*** Data extract

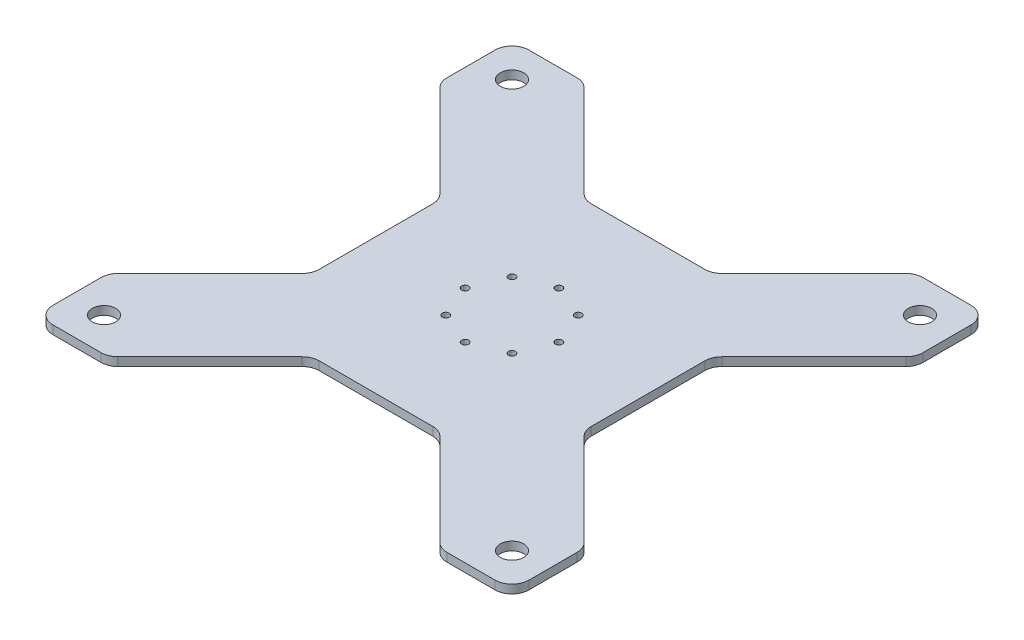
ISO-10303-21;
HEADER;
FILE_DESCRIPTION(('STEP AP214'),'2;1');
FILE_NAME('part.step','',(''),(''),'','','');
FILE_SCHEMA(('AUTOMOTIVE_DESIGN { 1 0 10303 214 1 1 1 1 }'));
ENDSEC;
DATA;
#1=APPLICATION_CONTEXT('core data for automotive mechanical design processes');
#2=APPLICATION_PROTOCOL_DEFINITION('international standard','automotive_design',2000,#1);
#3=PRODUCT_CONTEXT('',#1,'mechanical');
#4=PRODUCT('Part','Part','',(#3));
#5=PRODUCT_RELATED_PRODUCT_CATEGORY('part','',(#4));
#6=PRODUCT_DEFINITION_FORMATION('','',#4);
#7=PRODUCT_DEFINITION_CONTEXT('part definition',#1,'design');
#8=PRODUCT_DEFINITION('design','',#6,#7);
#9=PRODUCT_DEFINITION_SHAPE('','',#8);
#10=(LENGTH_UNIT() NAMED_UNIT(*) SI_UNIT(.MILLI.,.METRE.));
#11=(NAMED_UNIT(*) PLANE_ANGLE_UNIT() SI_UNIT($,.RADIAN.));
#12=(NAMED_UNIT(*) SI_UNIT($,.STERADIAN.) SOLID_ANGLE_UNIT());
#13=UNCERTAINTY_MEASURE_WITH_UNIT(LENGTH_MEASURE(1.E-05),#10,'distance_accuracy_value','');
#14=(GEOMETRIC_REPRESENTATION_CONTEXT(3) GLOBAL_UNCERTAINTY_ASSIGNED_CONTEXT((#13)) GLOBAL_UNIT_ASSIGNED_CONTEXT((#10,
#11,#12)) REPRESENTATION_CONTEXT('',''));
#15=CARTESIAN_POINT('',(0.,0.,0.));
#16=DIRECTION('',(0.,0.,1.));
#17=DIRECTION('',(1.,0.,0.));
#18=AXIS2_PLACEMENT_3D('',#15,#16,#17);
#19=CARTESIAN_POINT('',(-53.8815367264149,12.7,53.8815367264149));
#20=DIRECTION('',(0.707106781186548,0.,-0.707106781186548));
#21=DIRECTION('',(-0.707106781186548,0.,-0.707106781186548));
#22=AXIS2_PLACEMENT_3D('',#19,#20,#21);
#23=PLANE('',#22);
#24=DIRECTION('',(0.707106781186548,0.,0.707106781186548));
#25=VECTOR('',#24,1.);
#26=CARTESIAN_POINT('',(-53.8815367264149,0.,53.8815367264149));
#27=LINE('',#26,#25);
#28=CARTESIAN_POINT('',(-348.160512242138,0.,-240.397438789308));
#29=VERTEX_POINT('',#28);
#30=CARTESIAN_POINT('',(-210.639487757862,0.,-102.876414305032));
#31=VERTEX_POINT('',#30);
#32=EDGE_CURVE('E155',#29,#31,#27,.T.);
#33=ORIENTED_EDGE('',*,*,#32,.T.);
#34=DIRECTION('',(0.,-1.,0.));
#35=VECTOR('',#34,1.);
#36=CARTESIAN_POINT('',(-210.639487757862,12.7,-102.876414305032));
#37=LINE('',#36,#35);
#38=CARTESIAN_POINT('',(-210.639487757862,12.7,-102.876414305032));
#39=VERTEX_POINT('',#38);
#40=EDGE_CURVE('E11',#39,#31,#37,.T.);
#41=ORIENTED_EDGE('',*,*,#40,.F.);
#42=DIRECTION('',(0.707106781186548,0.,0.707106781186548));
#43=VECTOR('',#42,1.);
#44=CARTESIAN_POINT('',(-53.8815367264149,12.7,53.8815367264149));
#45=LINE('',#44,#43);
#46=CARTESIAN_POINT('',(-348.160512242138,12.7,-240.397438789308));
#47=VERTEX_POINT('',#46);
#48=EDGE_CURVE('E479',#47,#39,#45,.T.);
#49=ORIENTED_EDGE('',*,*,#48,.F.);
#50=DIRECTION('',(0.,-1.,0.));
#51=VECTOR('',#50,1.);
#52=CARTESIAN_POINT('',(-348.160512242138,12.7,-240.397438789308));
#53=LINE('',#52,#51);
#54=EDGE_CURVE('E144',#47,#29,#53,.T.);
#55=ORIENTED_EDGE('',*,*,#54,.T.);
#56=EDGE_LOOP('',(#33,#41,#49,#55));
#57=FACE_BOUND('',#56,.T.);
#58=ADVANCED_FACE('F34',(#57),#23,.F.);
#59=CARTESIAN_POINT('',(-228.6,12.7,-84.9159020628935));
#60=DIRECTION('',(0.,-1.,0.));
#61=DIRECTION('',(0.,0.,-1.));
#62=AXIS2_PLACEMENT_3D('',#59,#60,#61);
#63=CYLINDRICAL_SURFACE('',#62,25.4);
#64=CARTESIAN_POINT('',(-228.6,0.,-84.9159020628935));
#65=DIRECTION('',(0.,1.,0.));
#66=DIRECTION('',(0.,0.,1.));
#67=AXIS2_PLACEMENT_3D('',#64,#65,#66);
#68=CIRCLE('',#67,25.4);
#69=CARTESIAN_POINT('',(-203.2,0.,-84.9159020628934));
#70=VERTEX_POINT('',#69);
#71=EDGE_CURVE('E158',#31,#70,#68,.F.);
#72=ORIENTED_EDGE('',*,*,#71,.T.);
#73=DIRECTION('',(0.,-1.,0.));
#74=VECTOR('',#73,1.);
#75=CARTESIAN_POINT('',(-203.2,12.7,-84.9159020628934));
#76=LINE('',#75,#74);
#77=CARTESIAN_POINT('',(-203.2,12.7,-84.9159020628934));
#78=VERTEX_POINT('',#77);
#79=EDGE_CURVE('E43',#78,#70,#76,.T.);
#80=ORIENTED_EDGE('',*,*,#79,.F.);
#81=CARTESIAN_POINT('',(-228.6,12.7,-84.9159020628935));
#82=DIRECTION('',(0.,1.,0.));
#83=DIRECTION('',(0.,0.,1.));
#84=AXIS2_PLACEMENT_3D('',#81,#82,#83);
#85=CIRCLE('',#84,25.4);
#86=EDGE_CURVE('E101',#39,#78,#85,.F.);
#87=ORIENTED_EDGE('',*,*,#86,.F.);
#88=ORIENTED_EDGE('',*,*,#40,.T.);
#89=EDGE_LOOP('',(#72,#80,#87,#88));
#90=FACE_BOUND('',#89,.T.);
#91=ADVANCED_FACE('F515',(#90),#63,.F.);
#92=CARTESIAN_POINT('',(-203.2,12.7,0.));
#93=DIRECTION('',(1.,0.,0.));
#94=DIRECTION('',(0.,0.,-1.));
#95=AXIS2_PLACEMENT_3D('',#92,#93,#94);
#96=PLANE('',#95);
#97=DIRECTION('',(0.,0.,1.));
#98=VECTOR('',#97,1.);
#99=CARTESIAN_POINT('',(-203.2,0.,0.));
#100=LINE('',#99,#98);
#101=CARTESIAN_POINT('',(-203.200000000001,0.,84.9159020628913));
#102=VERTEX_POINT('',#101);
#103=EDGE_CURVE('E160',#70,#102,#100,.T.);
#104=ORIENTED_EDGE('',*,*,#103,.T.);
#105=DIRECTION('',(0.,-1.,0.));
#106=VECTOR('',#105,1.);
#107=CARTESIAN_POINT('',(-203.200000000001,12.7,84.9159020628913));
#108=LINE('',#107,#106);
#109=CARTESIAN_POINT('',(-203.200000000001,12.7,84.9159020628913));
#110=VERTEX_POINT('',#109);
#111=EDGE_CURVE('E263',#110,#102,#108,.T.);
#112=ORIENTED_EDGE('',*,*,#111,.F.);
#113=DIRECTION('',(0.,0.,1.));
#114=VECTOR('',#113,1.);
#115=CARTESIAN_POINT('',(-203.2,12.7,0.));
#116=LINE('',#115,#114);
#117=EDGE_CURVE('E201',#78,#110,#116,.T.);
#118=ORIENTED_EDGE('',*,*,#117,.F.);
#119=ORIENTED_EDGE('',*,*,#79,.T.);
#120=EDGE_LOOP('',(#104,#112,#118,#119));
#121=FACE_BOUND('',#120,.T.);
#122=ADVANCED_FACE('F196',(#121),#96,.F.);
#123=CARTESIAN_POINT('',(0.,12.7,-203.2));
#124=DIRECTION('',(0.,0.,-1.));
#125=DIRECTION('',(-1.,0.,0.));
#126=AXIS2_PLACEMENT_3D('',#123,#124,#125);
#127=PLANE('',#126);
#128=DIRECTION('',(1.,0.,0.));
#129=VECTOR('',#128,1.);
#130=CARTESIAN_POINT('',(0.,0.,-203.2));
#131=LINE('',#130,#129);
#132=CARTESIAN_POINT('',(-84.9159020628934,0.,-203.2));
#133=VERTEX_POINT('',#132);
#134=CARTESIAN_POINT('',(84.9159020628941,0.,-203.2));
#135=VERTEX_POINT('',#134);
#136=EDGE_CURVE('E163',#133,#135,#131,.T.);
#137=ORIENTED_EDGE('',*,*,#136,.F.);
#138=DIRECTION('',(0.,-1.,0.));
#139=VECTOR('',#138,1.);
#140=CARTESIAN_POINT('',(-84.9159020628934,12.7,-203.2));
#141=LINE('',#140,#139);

******

Give back exactly the lines above, from the line containing "#125=DIRECTION('',(-1.,0.,0.));" through the line containing "#136=EDGE_CURVE('E163',#133,#135,#131,.T.);", with both end lines and nothing more.

#125=DIRECTION('',(-1.,0.,0.));
#126=AXIS2_PLACEMENT_3D('',#123,#124,#125);
#127=PLANE('',#126);
#128=DIRECTION('',(1.,0.,0.));
#129=VECTOR('',#128,1.);
#130=CARTESIAN_POINT('',(0.,0.,-203.2));
#131=LINE('',#130,#129);
#132=CARTESIAN_POINT('',(-84.9159020628934,0.,-203.2));
#133=VERTEX_POINT('',#132);
#134=CARTESIAN_POINT('',(84.9159020628941,0.,-203.2));
#135=VERTEX_POINT('',#134);
#136=EDGE_CURVE('E163',#133,#135,#131,.T.);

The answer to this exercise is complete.